Eine "besondere" Züchtung der __ Rotfeder. Bei deiner Größenangabe bis 15cm wär ich mir da aber auch nicht so sicher, kannst ja mal ein paar Bilder einstellen.


----------



## Digicat (26. Mai 2009)

*AW: Goldfedern- wer kennt sie und kann mir weiter helfen?*

Servus Kitti

Herzlich Willkommen

Goldfeder oder auch besser unter Rotfeder (Scardinius erythrophthalmus) < Klick bekannt, ist ein heimischer Fisch.

Mehr über Fische/Pflanzen usw. kannst in unserem Lexikon nachlesen.

Der Weg dort hin > Startseite/Portal > Links unter Navigation > Lexikon

oder

Forum > Lexikon


----------



## kitti221 (26. Mai 2009)

*AW: Goldfedern- wer kennt sie und kann mir weiter helfen?*

Hallo benni u. diggicat,
ich habe schon im Internet Fotos von der Goldrotfeder gefunden und diese Fische sind es eindeutig nicht. 
Werde demnächst mal versuchen die Tierchen zu fotografieren, allerdings sind sie sehr scheu. Deswegen habe ich sie auch gekauft, weil die Goldfische immer von unserem Kater bzw. Nachbarskatzen gefressen werden. Oder vielleicht wars auch ein Reiher. Ich habe niemanden inflagranti erwischt. 
Danke erstmal für eure Antwort.
kitti221


----------



## Digicat (26. Mai 2009)

*AW: Goldfedern- wer kennt sie und kann mir weiter helfen?*

Servus Kitti

Vielleicht ist es Dieser gefunden im Lexikon


----------



## AxelU (26. Mai 2009)

*AW: Goldfedern- wer kennt sie und kann mir weiter helfen?*

Hallo Kitti,

lies mal das hier:
https://www.hobby-gartenteich.de/xf/threads/16831

So sahen meine aus:
http://www.koi-braun.de/index.php?cPath=1053_1021_1026

Es gibt anscheinend tatsächlich 2 völlig verschiedene Fische, die als "Goldrotfedern" bezeichnet werden. Ich habe auf jeden Fall 2 ganz unterschiedliche Bilder dazu im Internet gefunden.

Inzwischen sind meine Goldrotfedern aber an einen anderen Teichbesitzer verschenkt.

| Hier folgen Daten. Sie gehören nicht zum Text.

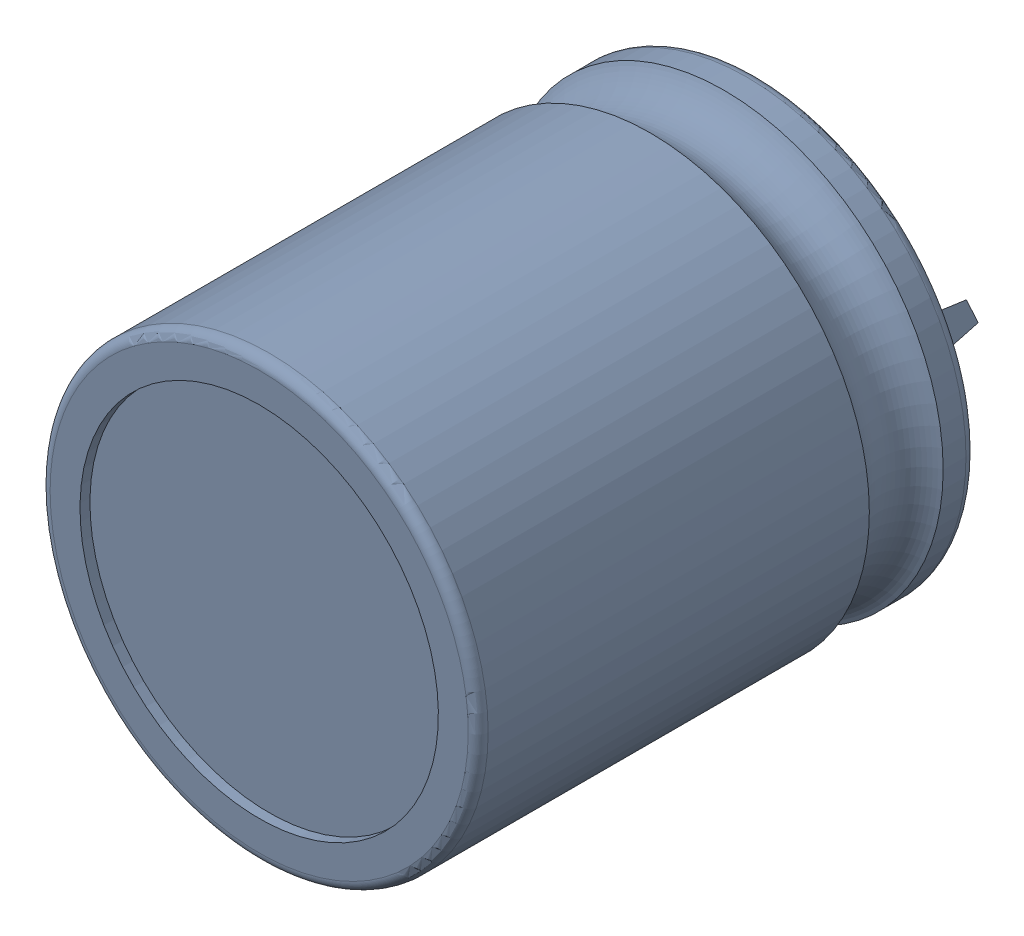
SolidWorks assembly C2, configuration Default. Lengths in mm.
Overall size (22 22 31.01).
4 component instances, 2 part files, 0 mates.
Components (placement in the parent):
- Capacitor22x25-1: Capacitor22x25 [Default] at (131.7171 46.9078 -3.686) x (1 0 0) z (0 -1 0) size (22 31.01 22)
  - User_Library-ECEC2DP271BJ-1: User_Library-ECEC2DP271BJ [Default] at (8.9531 3.6858 17.317) size (22 25.01 22)
  - User_Library-CAP_EL_SNAP-IN_10_35x45_Valor_predeterminado-1: User_Library-CAP_EL_SNAP-IN_10_35x45_Valor_predeterminado [Default] at (14.4607 11.8368 29.4898) x (0.642788 0 0.766044) z (-0.766044 0 0.642788) size (3.5 7.01 5.68)
  - User_Library-CAP_EL_SNAP-IN_10_35x45_Valor_predeterminado-2: User_Library-CAP_EL_SNAP-IN_10_35x45_Valor_predeterminado [Default] at (2.8917 11.8368 4.8301) x (-0.67559 0 -0.737277) z (0.737277 0 -0.67559) size (3.5 7.01 5.68)
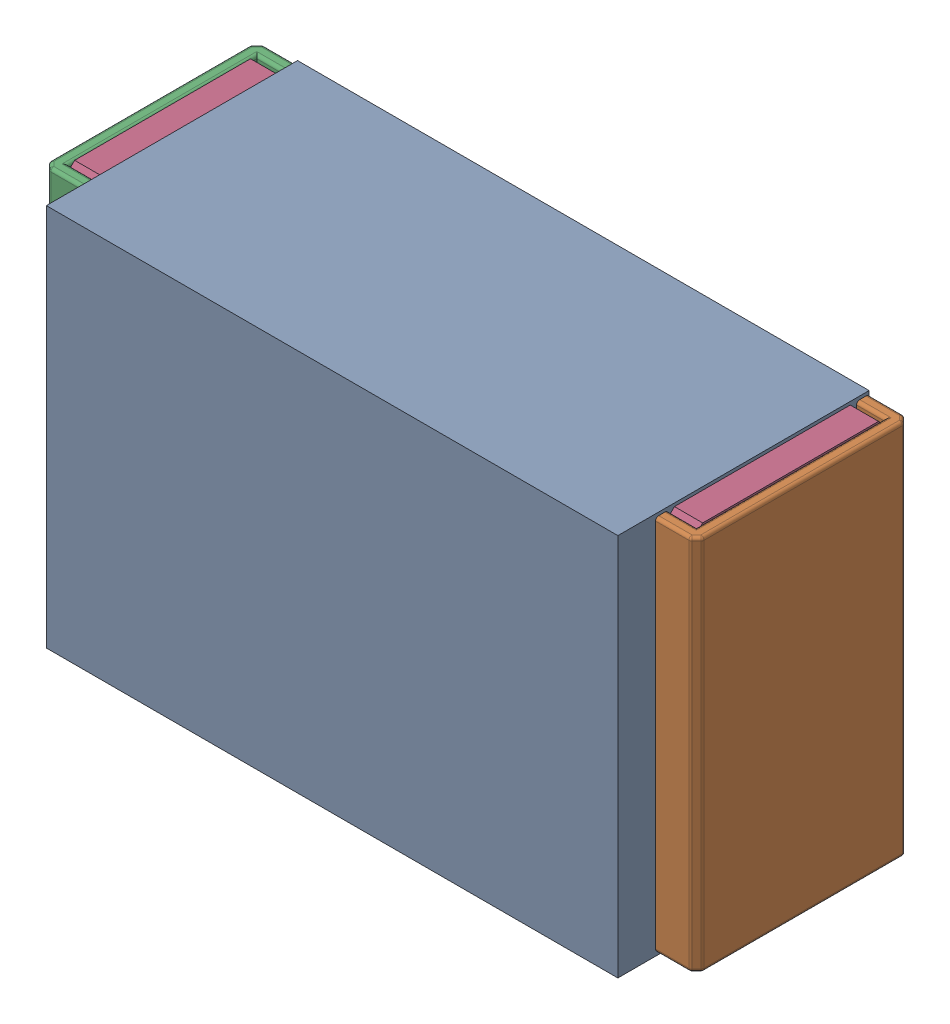
SolidWorks assembly R12, configuration Default. Lengths in mm.
Overall size (1.04 0.61 0.4).
3 component instances, 2 part files, 0 mates.
Components (placement in the parent):
- 1088880352-1: 1088880352 [Default] at (3.975 33.85 0) size (0.91 0.61 0.4)
  - Extruded-28-1: Extruded-28 [Default] at origin size (0.91 0.61 0.4)
- R0402-1: R0402 [Default] at (3.9751 33.85 0) x (1 0 0) z (0 -1 0) size (1.04 0.34 0.6)

Für meine Kleinstfische waren die zu wuselig.

Axel


----------



## Gerd11 (26. Mai 2009)

*AW: Goldfedern- wer kennt sie und kann mir weiter helfen?*

Hallo ,
Die __ Rotfeder kann sich mit Goldfischen kreuzen  oder umgekehrt so geschehen bei meinem Vater im Teich werde versuchen ein paar bilder  zu bekommen
gruss gerd


----------